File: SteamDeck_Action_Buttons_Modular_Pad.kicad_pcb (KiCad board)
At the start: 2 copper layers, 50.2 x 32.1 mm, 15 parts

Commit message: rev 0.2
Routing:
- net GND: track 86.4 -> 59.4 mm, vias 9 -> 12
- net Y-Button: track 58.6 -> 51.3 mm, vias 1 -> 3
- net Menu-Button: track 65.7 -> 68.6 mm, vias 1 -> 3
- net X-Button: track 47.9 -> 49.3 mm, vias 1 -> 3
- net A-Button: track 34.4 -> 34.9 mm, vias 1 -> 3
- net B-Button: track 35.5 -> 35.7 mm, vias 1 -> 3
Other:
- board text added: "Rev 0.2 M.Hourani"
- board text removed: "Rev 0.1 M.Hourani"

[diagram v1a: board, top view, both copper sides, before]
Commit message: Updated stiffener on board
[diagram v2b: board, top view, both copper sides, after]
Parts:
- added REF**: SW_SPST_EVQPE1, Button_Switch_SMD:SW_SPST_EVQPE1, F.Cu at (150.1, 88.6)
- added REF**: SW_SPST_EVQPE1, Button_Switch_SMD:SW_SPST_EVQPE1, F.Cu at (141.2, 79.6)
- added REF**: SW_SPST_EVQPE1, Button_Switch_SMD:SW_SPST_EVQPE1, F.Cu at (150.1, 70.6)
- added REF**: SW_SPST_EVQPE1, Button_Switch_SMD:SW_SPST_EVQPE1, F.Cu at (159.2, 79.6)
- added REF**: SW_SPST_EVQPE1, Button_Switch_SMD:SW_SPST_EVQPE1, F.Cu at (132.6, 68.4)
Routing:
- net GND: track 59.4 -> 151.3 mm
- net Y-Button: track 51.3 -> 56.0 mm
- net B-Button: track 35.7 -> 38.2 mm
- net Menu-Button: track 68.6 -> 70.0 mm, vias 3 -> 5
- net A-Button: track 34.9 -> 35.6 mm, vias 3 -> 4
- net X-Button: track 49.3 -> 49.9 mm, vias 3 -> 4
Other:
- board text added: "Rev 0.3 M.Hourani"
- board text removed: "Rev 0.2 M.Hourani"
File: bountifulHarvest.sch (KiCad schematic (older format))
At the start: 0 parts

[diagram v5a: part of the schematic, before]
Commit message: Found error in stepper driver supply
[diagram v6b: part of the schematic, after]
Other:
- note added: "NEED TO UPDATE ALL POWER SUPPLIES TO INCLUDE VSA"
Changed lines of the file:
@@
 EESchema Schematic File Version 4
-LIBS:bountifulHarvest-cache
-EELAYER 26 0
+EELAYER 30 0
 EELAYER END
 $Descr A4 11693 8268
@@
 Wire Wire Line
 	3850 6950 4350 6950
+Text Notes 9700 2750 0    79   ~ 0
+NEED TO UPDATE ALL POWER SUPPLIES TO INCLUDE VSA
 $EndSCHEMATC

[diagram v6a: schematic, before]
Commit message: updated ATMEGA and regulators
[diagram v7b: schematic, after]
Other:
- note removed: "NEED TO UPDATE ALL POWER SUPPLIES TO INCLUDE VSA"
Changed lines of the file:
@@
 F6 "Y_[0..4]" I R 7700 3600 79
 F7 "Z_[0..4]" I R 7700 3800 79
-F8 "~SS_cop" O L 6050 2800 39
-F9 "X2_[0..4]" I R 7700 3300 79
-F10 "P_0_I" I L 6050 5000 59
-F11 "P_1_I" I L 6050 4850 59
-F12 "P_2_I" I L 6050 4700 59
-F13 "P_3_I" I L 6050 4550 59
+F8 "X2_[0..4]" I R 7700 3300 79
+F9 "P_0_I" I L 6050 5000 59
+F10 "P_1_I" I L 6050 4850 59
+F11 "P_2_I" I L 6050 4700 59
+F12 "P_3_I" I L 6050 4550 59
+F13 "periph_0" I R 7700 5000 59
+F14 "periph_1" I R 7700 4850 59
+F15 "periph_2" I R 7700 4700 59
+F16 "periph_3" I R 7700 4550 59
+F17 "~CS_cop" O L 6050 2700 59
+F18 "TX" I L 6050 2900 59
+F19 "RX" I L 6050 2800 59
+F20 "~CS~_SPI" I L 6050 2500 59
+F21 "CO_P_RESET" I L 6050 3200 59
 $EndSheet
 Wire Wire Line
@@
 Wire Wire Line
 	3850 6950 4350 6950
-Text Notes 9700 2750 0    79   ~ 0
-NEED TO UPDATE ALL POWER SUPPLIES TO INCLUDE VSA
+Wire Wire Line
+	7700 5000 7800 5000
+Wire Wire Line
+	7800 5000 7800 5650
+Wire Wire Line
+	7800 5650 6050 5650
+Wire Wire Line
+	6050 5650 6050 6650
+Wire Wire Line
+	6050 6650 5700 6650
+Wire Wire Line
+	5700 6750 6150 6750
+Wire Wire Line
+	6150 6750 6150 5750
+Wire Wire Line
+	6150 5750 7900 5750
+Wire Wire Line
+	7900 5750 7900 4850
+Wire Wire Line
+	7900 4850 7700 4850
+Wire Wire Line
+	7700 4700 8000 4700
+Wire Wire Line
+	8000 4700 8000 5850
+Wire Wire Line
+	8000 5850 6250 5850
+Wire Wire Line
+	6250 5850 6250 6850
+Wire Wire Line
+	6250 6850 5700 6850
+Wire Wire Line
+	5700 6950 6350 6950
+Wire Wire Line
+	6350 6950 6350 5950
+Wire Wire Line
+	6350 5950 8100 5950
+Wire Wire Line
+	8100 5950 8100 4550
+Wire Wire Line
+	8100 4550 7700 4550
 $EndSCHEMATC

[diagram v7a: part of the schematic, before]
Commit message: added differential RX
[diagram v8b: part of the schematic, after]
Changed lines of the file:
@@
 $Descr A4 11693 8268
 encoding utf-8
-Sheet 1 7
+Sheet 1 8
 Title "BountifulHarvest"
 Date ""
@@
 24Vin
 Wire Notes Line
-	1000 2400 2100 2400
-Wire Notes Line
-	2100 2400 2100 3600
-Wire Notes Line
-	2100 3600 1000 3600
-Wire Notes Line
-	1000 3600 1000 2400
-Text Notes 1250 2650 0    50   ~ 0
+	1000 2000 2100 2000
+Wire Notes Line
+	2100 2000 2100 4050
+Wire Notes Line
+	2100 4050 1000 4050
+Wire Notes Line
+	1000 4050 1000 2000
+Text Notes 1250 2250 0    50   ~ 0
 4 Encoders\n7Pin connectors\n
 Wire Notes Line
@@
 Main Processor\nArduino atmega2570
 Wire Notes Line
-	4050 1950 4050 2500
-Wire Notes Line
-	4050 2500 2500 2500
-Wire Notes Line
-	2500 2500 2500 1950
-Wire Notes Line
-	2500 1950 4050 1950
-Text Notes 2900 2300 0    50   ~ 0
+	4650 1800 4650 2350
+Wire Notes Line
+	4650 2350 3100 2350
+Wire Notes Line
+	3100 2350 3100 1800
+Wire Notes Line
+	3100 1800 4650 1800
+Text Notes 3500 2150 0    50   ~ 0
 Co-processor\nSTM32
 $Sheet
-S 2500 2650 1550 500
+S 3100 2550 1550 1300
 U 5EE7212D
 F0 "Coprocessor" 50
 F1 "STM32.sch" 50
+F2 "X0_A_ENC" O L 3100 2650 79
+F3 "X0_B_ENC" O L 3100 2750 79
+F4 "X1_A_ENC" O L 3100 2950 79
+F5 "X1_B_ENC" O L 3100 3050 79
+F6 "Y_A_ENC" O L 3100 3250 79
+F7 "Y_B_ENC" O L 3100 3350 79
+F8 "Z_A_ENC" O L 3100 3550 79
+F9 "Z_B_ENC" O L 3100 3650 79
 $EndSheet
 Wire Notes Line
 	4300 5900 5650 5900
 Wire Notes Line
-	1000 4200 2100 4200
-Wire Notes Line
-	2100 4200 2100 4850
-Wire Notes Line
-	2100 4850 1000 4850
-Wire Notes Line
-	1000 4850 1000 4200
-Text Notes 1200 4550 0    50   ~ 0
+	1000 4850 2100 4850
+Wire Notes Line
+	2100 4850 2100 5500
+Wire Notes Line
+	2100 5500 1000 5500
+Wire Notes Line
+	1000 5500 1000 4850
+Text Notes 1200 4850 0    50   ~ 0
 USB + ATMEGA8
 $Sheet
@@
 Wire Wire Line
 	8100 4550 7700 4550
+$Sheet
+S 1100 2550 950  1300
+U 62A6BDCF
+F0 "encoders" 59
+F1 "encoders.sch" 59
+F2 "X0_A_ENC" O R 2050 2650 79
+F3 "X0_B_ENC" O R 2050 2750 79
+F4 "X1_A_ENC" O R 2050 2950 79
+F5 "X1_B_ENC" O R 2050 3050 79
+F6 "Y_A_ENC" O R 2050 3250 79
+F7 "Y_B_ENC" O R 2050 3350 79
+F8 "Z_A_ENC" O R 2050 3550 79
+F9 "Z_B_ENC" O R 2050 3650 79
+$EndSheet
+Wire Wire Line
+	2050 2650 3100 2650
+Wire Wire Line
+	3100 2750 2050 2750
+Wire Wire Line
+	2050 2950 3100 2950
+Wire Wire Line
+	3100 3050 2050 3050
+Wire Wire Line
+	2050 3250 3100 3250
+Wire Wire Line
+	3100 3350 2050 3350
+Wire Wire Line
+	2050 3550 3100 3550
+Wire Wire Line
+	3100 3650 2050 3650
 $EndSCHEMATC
_ _ _ _
**What is being asked**
Wherever a line in the entries above holds "start", copy that line.

**Answer for this exercise**
At the start: 2 copper layers, 50.2 x 32.1 mm, 15 parts
At the start: 0 parts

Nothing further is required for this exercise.